- **WHAT THE TASK ASKS**
Note each line in the data holding the string "Number" and report it.

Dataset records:
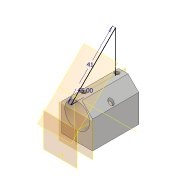
# Autodesk Inventor part: cellSTORM_v5_bluelaser_adapter
Saved by Autodesk Inventor 2019.4 (Build 234330000, 330)
## iProperties
Created: 2020-03-04
Part Number: cellSTORM_v5_bluelaser_adapter
Material: Generic
Document SubType Name: Modeling
Designer: diederichbenedict
Density: 1 g/cm^3
Appearance: Default
Author: diederichbenedict
Autodesk Inventor part; units mm, degrees
ref_plane "YZ Plane" through (0, 0, 0) normal (1, 0, 0) x (0, 1, 0)
ref_plane "XZ Plane" through (0, 0, 0) normal (0, 1, 0) x (-1, 0, 0)
ref_plane "XY Plane" through (0, 0, 0) normal (0, 0, 1) x (1, 0, 0)
ref_plane "Work Plane1" through (0, 0, 0) normal (0, 0, 1) x (1, 0, 0)
ref_plane "Work Plane2" through (0, 0, -10) normal (0, 0, 1) x (1, 0, 0)
sketch "Sketch1" plane through (0, 0, -10) normal (0, 0, 1) x (1, 0, 0)
  circle A0 centre (14.95, 17.4977) radius 7.15 projected
  line L0 (0, 2.471) -> (29.9, 2.471) projected
  line L1 (0, 2.471) -> (0, 18.471) projected
  line L2 (0, 18.471) -> (-2, 18.471) projected
  line L3 (-2, 18.471) -> (-2, -1.5) projected
  line L4 (29.9, -1.5) -> (-2, -1.5) projected
  line L5 (29.9, -1.5) -> (29.9, 2.471) projected
  line L6 (4.95, 2.471) -> (24.95, 2.471)
  line L7 (24.95, 2.471) -> (24.95, 27.471)
  line L8 (24.95, 27.471) -> (4.95, 27.471)
  line L9 (4.95, 27.471) -> (4.95, 2.471)
  circle A1 centre (14.95, 17.4977) radius 8.1
  point P0 (0, 0)
  dimension "d6" = 20
  dimension "d7" = 25
  dimension "d8" = 10
  dimension "d23" = 16.2
  constraints: 8 end point, 2 parallel, 1 centre point, 1 horizontal, 1 perpendicular, 1 point on line
  measures "d6" distance of L8.end L7.end
  measures "d7" distance of L7.end L6.end
  measures "d8" distance from line of A0.centre L9
  measures "d23" diameter of A1
extrude "Extrusion1" add sketch "Sketch1" against normal blind 30 contours L9 L8 L7 L0
sketch "Sketch2" plane through (4.95, 2.471, -10) normal (0, -1, 0) x (1, 0, 0)
  circle A0 centre (18.15, -13.73) radius 2.45 projected
  circle A1 centre (1.85, -13.73) radius 2.75 projected
  circle A2 centre (18.15, -13.73) radius 1.45
  circle A3 centre (1.85, -13.73) radius 1.45
  point P0 (-4.95, 10)
  dimension "d10" = 2.9
  dimension "d11" = 2.9
  constraints: 2 centre point, 2 coincident
  measures "d10" diameter of A2
  measures "d11" diameter of A3
extrude "Extrusion2" cut sketch "Sketch2" against normal through all contours A2 | A3
chamfer "Chamfer1" distance 7 angle 45 2 edges at (24.95, 27.471, -25) (4.95, 27.471, -25)
sketch "Sketch3" plane through (11.95, 27.471, -10) normal (0, 1, 0) x (1, 0, 0)
  line L0 (0, 0) -> (0, 30) projected
  line L1 (6, 0) -> (0, 0) projected
  line L2 (6, 30) -> (6, 0) projected
  line L3 (0, 30) -> (6, 30) projected
  circle A0 centre (2, 5.2757) radius 1.45
  circle A1 centre (2, 26.8475) radius 1.45
  point P0 (-11.95, -10)
  dimension "d17" = 2.9
  dimension "d18" = 2.9
  constraints: 2 centre point
  measures "d17" diameter of A0
  measures "d18" diameter of A1
extrude "Extrusion3" cut sketch "Sketch3" against normal blind 10 contours A0 | A1
ref_plane "Work Plane3" through (0, 27.471, -10) normal (0, -0.7071068, 0.7071068) x (1, 0, 0)
ref_plane "Work Plane4" through (11.95, 27.471, -10) normal (0, 0.7071068, 0.7071068) x (1, 0, 0)
ref_plane "Work Plane5" through (14.95, 2.471, -10) normal (1, 0, 0) x (0, 0, -1)
sketch "Sketch5" plane through (14.95, 2.471, -10) normal (1, 0, 0) x (0, 0, -1)
  line L0 (0, 23.1268) -> (30, 23.1268) projected
  line L1 (0, 6.9268) -> (30, 6.9268) projected
  line L2 (0, 23.1268) -> (-4.2183, 23.1268)
  line L3 (-4.2183, 23.1268) -> (24.7731, 52.1181)
  line L4 (24.7731, 52.1181) -> (24.7731, 23.1268)
  point P0 (-10, -2.471)
  dimension "d21" = 41
  dimension "d22" = 45
  constraints: 6 end point, 1 horizontal, 1 perpendicular, 1 point on line
  measures "d21" distance of L2.end L3.end
  measures "d22" angle of L2 L3
body "Solid1"
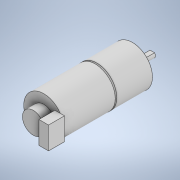
# Autodesk Inventor part: motor
Saved by Autodesk Inventor 2022 (Build 260153000, 153)
## iProperties
Created: 2024-01-09
Part Number: motor
Material: Типовые
Document SubType Name: Modeling
Designer: akapu
Density: 1 g/cm^3
Appearance: По умолчанию
Author: akapu
Autodesk Inventor part; units mm, degrees
ref_plane "YZ Plane" through (0, 0, 0) normal (1, 0, 0) x (0, 1, 0)
ref_plane "XZ Plane" through (0, 0, 0) normal (0, 1, 0) x (-1, 0, 0)
ref_plane "XY Plane" through (0, 0, 0) normal (0, 0, 1) x (1, 0, 0)
sketch "Эскиз1" plane through (0, 0, 0) normal (0, 0, 1) x (1, 0, 0)
  circle A0 centre (0, 0) radius 12.5
  dimension "d0" = 25
  constraints: 1 centre point, 1 coincident
  measures "d0" diameter of A0
extrude "Выдавливание1" add sketch "Эскиз1" along normal blind 55.4
sketch "Эскиз2" plane through (0, 0, 55.4) normal (0, 0, 1) x (1, 0, 0)
  circle A0 centre (0, 0) radius 6.75
  dimension "d3" = 13.5
  constraints: 1 centre point, 1 coincident
  measures "d3" diameter of A0
extrude "Выдавливание2" add sketch "Эскиз2" along normal blind 6.55
sketch "Эскиз3" plane through (0, 0, 55.4) normal (0, 0, 1) x (1, 0, 0)
  line L0 (7, 7) -> (13, 7)
  line L1 (13, 7) -> (13, -7)
  line L2 (13, -7) -> (7, -7)
  line L3 (7, -7) -> (7, 7)
  line L4 (-17.6863, 0) -> (18.6175, 0) projected
  circle A0 centre (0, 0) radius 12.5 projected
  line L5 (-12.5, 0) -> (13, 0)
  point P0 (7, 0)
  dimension "d6" = 6
  dimension "d7" = 14
  dimension "d8" = 25.5
  constraints: 10 end point, 3 point on line, 2 midpoint, 2 parallel, 1 horizontal, 1 horizontal alignment, 1 perpendicular, 1 other
  measures "d6" distance of L1.end L2.end
  measures "d7" distance of L0.end L1.end
  measures "d8" distance of L5.start L5.end
extrude "Выдавливание3" add sketch "Эскиз3" along normal blind 10 contours L0 A0 L4 L3 | L0 L1 L4 A0 | L4 A0 L2 L3 | L4 L1 L2 A0 picked at (8.5105, 3.9415) picked at (8.5105, -3.9415)
sketch "Эскиз4" plane through (0, 0, 0) normal (0, 0, -1) x (-1, 0, 0)
  circle A0 centre (0, 0) radius 3.5
  dimension "d11" = 7
  constraints: 1 centre point, 1 coincident
  measures "d11" diameter of A0
extrude "Выдавливание4" add sketch "Эскиз4" along normal blind 2.7
sketch "Эскиз5" plane through (0, 0, -2.7) normal (0, 0, -1) x (-1, 0, 0)
  circle A0 centre (0, 0) radius 2
  line L0 (1.4283, 1.4) -> (-1.4283, 1.4)
  line L1 (0, -2) -> (0, 1.4)
  dimension "d14" = 4
  dimension "d15" = 3.4
  constraints: 4 end point, 3 point on circle, 1 centre point, 1 coincident, 1 horizontal, 1 midpoint, 1 point on line, 1 vertical
  measures "d14" diameter of A0
  measures "d15" distance of L1.start L1.end
extrude "Выдавливание5" add sketch "Эскиз5" along normal blind 9.7 contours A0 L1 L0 | A0 L0 L1
sketch "Эскиз6" plane through (0, 0, 0) normal (0, 0, -1) x (-1, 0, 0)
  line L0 (0, 8.5) -> (0, -8.5)
  circle A0 centre (0, 8.5) radius 1.5
  circle A1 centre (0, -8.5) radius 1.5
  point P0 (0, 0)
  point P1 (0, 0)
  dimension "d18" = 17
  dimension "d19" = 3
  dimension "d20" = 3
  constraints: 3 coincident, 2 centre point, 2 end point, 1 midpoint, 1 vertical
  measures "d18" distance of L0.start L0.end
  measures "d19" diameter of A0
  measures "d20" diameter of A1
extrude "Выдавливание6" cut sketch "Эскиз6" against normal blind 10
sketch "Эскиз7" plane through (0, 0, 0) normal (0, 1, 0) x (-1, 0, 0)
  line L0 (12.5, 0) -> (-12.5, 0) projected
  line L1 (12.5, 0) -> (12.5, 22.75)
  line L2 (12.5, 0) -> (12.5, 55.4) projected
  circle A0 centre (12.5, 22.75) radius 0.5
  line L3 (-2, -12.4) -> (2, -12.4) projected
  line L4 (0, -12.4) -> (0, 61.95)
  line L5 (6.75, 61.95) -> (-6.75, 61.95) projected
  point P0 (0, 0)
  point P1 (-1.4283, -12.4)
  point P2 (1.4283, -12.4)
  dimension "d23" = 22.75
  dimension "d24" = 1
  constraints: 4 end point, 2 midpoint, 1 centre point, 1 coincident, 1 point on line
  measures "d23" distance of L0.start L1.end
  measures "d24" diameter of A0
revolve "Вращение1" cut sketch "Эскиз7" angle 360 about axis through (0, 0, -12.4) along (0, 0, 1)

- **SOLUTION TO THIS PROBLEM**
Part Number: cellSTORM_v5_bluelaser_adapter
Part Number: motor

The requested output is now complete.